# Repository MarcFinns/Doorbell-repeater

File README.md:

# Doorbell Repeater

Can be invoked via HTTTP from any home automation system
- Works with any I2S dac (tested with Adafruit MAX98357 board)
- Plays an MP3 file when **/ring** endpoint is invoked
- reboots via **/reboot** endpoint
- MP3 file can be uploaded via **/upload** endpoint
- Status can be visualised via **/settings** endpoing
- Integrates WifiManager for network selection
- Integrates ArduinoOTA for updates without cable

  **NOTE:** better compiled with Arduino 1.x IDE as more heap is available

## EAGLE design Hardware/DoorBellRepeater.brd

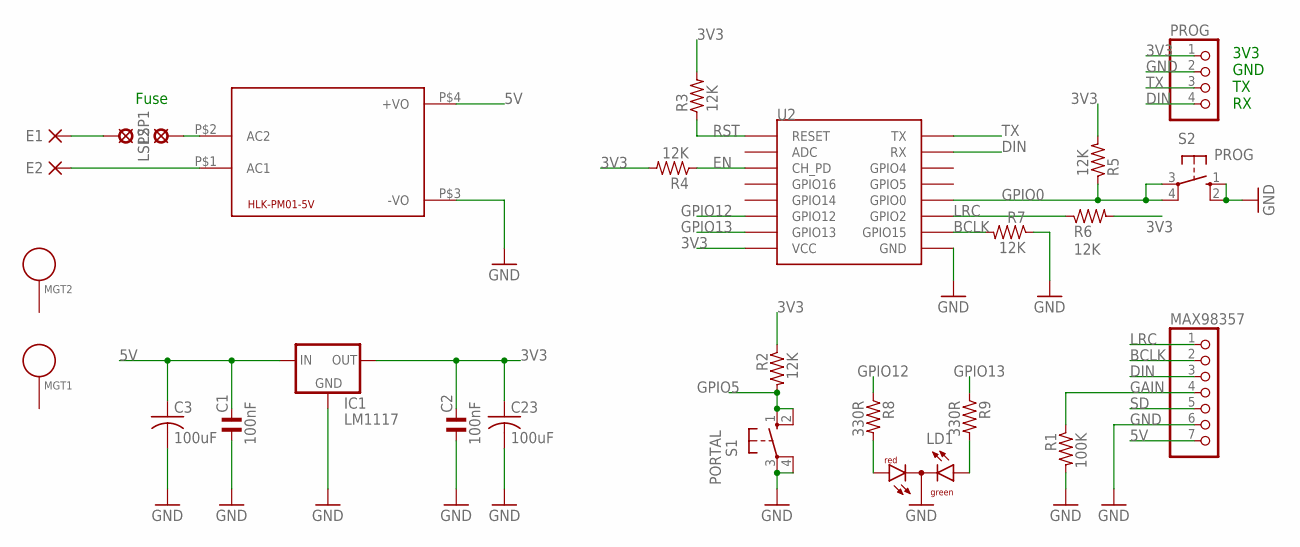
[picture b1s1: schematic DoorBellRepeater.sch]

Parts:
C1, C2: 100nF; C0805MP
C3, C23: 100uF; C0805K
E1, E2: PAD-0460S-S; 0460S-S
HLK-PM01-5V: HLK-PM013W; HLK-PM01
IC1: LM1117; SOT223
LD1: DUOLED-RG-C; DUOLED-C-5MM
LSP1, LSP2: LSP10
MAX98357: PINHD-1X7; 1X07
MGT1, MGT2: MOUNTING_HOLE; BEAGLEBONEBLACK_MOUNTING_HOLE
PROG: PINHD-1X4; 1X04
R1: 100K; 0805_RES
R2, R3, R4, R5, R6, R7: 12K; 0805_RES
R8, R9: 330R; 0805_RES
S1: PORTAL; B3F-10XX
S2: PROG; B3F-10XX
U2: ESP12

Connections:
3V3: C2.2, C23.1, IC1.2 (OUT), PROG.1, R2.1, R3.2, R4.2, R5.2, R6.2, U2.VCC
5V: C1.2, C3.1, HLK-PM01-5V.P$4 (+VO), IC1.3 (IN), MAX98357.7
BCLK: MAX98357.2, R7.2, U2.GPIO15
DIN: MAX98357.3, PROG.4, U2.RX
EN: R4.1, U2.CH_PD
GAIN: MAX98357.4, R1.1
GND: C1.1, C2.1, C3.2, C23.2, HLK-PM01-5V.P$3 (-VO), IC1.1 (GND), LD1.C, MAX98357.6, PROG.2, R1.2, R7.1, S1.3, S1.4 (P1), S2.1 (S), S2.2 (S1), U2.GND
GPIO0: R5.1, S2.3, S2.4 (P1), U2.GPIO0
GPIO5: R2.2, S1.1 (S), S1.2 (S1)
GPIO12: R8.1, U2.GPIO12
GPIO13: R9.1, U2.GPIO13
LRC: MAX98357.1, R6.1, U2.GPIO2
unnamed: E2.1, HLK-PM01-5V.P$1 (AC1)
unnamed: HLK-PM01-5V.P$2 (AC2), LSP1.MP
unnamed: LD1.AR, R8.2
unnamed: LD1.AX (AG), R9.2
unnamed: E1.1, LSP2.MP
RST: R3.1, U2.RESET
SD: MAX98357.5
TX: PROG.3, U2.TX

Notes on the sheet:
3V3 GND TX RX
Fuse

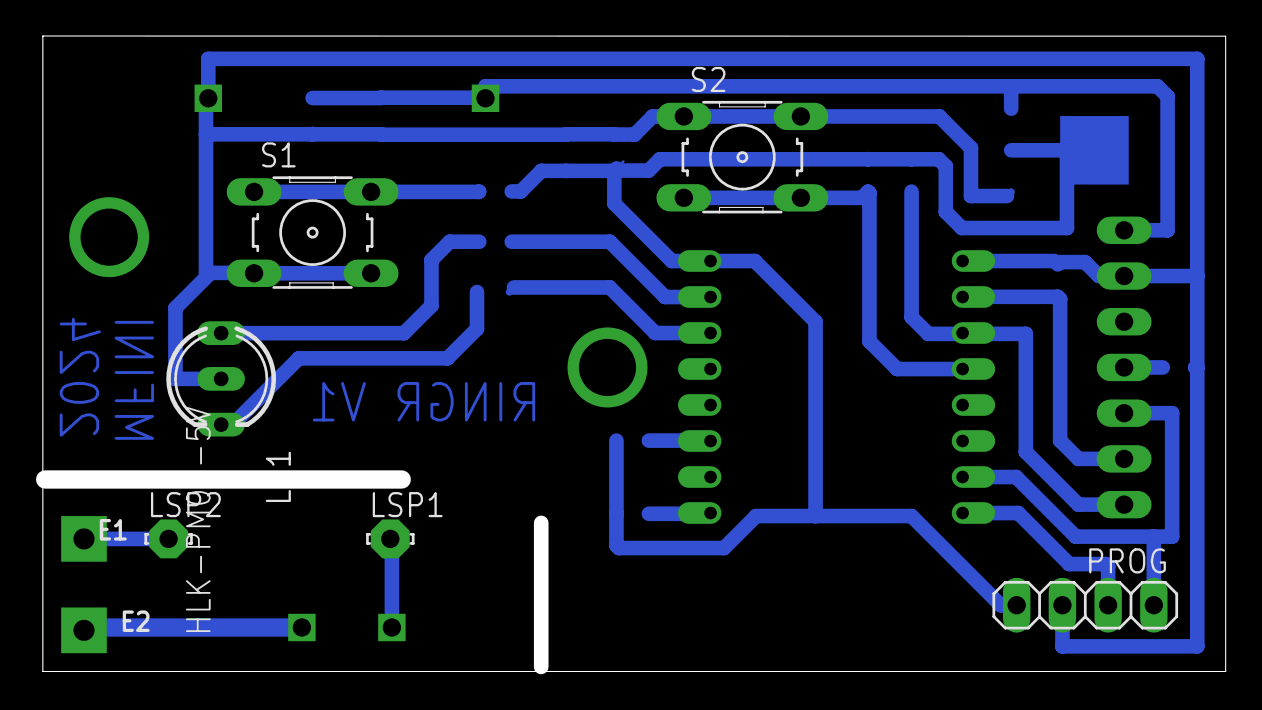
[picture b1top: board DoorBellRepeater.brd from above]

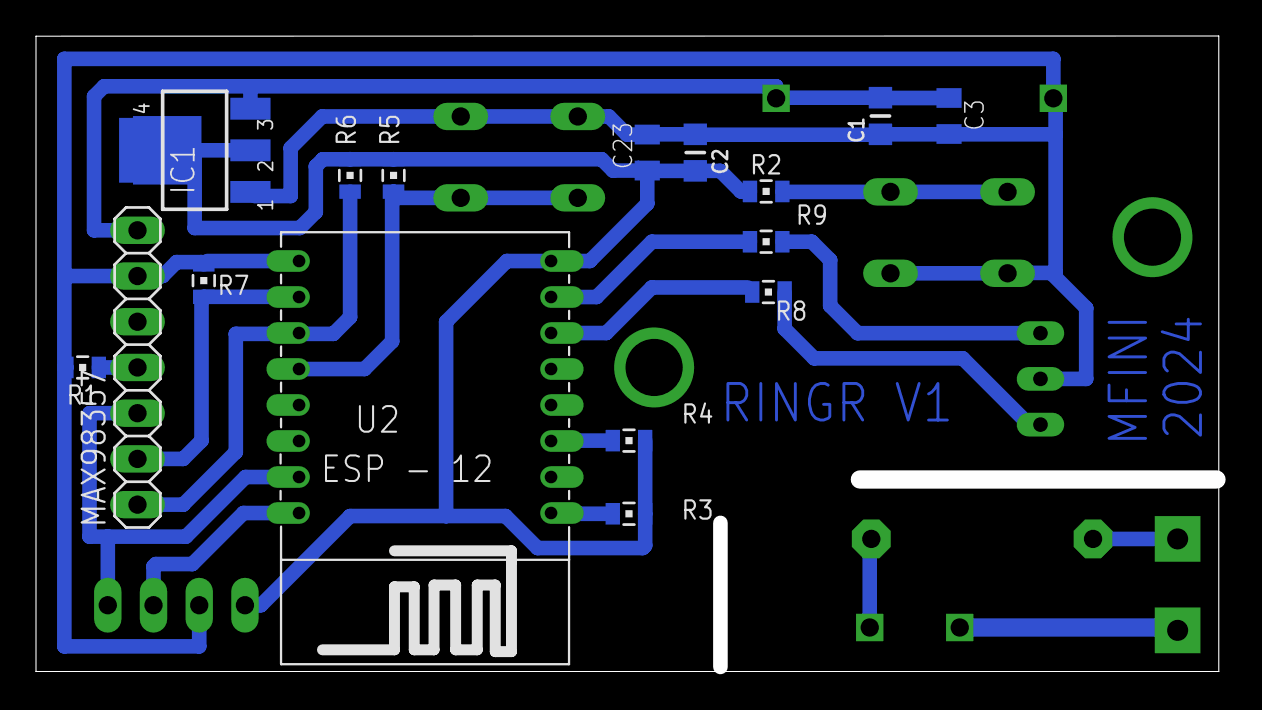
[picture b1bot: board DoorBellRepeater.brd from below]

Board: 2 copper layers, 65.1 x 34.4 mm, 27 parts (16 on the bottom side), 19 nets.

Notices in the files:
parts and their libraries:
rc-master-smd: Copyright (C) 2007-2008, Bob Starr
dpads: Copyright (C) 2008, Bob Starr
SparkFun-Aesthetics: Licensing: Creative Commons ShareAlike 4.0 International - https://creativecommons.org/licenses/by-sa/4.0

::::

## TASK INSTRUCTIONS
Print the records again exactly, without the pictures.

## RESPONSE AREA
# Repository MarcFinns/Doorbell-repeater

File README.md:

# Doorbell Repeater

Can be invoked via HTTTP from any home automation system
- Works with any I2S dac (tested with Adafruit MAX98357 board)
- Plays an MP3 file when **/ring** endpoint is invoked
- reboots via **/reboot** endpoint
- MP3 file can be uploaded via **/upload** endpoint
- Status can be visualised via **/settings** endpoing
- Integrates WifiManager for network selection
- Integrates ArduinoOTA for updates without cable

  **NOTE:** better compiled with Arduino 1.x IDE as more heap is available

## EAGLE design Hardware/DoorBellRepeater.brd

[picture b1s1: schematic DoorBellRepeater.sch]

Parts:
C1, C2: 100nF; C0805MP
C3, C23: 100uF; C0805K
E1, E2: PAD-0460S-S; 0460S-S
HLK-PM01-5V: HLK-PM013W; HLK-PM01
IC1: LM1117; SOT223
LD1: DUOLED-RG-C; DUOLED-C-5MM
LSP1, LSP2: LSP10
MAX98357: PINHD-1X7; 1X07
MGT1, MGT2: MOUNTING_HOLE; BEAGLEBONEBLACK_MOUNTING_HOLE
PROG: PINHD-1X4; 1X04
R1: 100K; 0805_RES
R2, R3, R4, R5, R6, R7: 12K; 0805_RES
R8, R9: 330R; 0805_RES
S1: PORTAL; B3F-10XX
S2: PROG; B3F-10XX
U2: ESP12

Connections:
3V3: C2.2, C23.1, IC1.2 (OUT), PROG.1, R2.1, R3.2, R4.2, R5.2, R6.2, U2.VCC
5V: C1.2, C3.1, HLK-PM01-5V.P$4 (+VO), IC1.3 (IN), MAX98357.7
BCLK: MAX98357.2, R7.2, U2.GPIO15
DIN: MAX98357.3, PROG.4, U2.RX
EN: R4.1, U2.CH_PD
GAIN: MAX98357.4, R1.1
GND: C1.1, C2.1, C3.2, C23.2, HLK-PM01-5V.P$3 (-VO), IC1.1 (GND), LD1.C, MAX98357.6, PROG.2, R1.2, R7.1, S1.3, S1.4 (P1), S2.1 (S), S2.2 (S1), U2.GND
GPIO0: R5.1, S2.3, S2.4 (P1), U2.GPIO0
GPIO5: R2.2, S1.1 (S), S1.2 (S1)
GPIO12: R8.1, U2.GPIO12
GPIO13: R9.1, U2.GPIO13
LRC: MAX98357.1, R6.1, U2.GPIO2
unnamed: E2.1, HLK-PM01-5V.P$1 (AC1)
unnamed: HLK-PM01-5V.P$2 (AC2), LSP1.MP
unnamed: LD1.AR, R8.2
unnamed: LD1.AX (AG), R9.2
unnamed: E1.1, LSP2.MP
RST: R3.1, U2.RESET
SD: MAX98357.5
TX: PROG.3, U2.TX

Notes on the sheet:
3V3 GND TX RX
Fuse

[picture b1top: board DoorBellRepeater.brd from above]

[picture b1bot: board DoorBellRepeater.brd from below]

Board: 2 copper layers, 65.1 x 34.4 mm, 27 parts (16 on the bottom side), 19 nets.

Notices in the files:
parts and their libraries:
rc-master-smd: Copyright (C) 2007-2008, Bob Starr
dpads: Copyright (C) 2008, Bob Starr
SparkFun-Aesthetics: Licensing: Creative Commons ShareAlike 4.0 International - https://creativecommons.org/licenses/by-sa/4.0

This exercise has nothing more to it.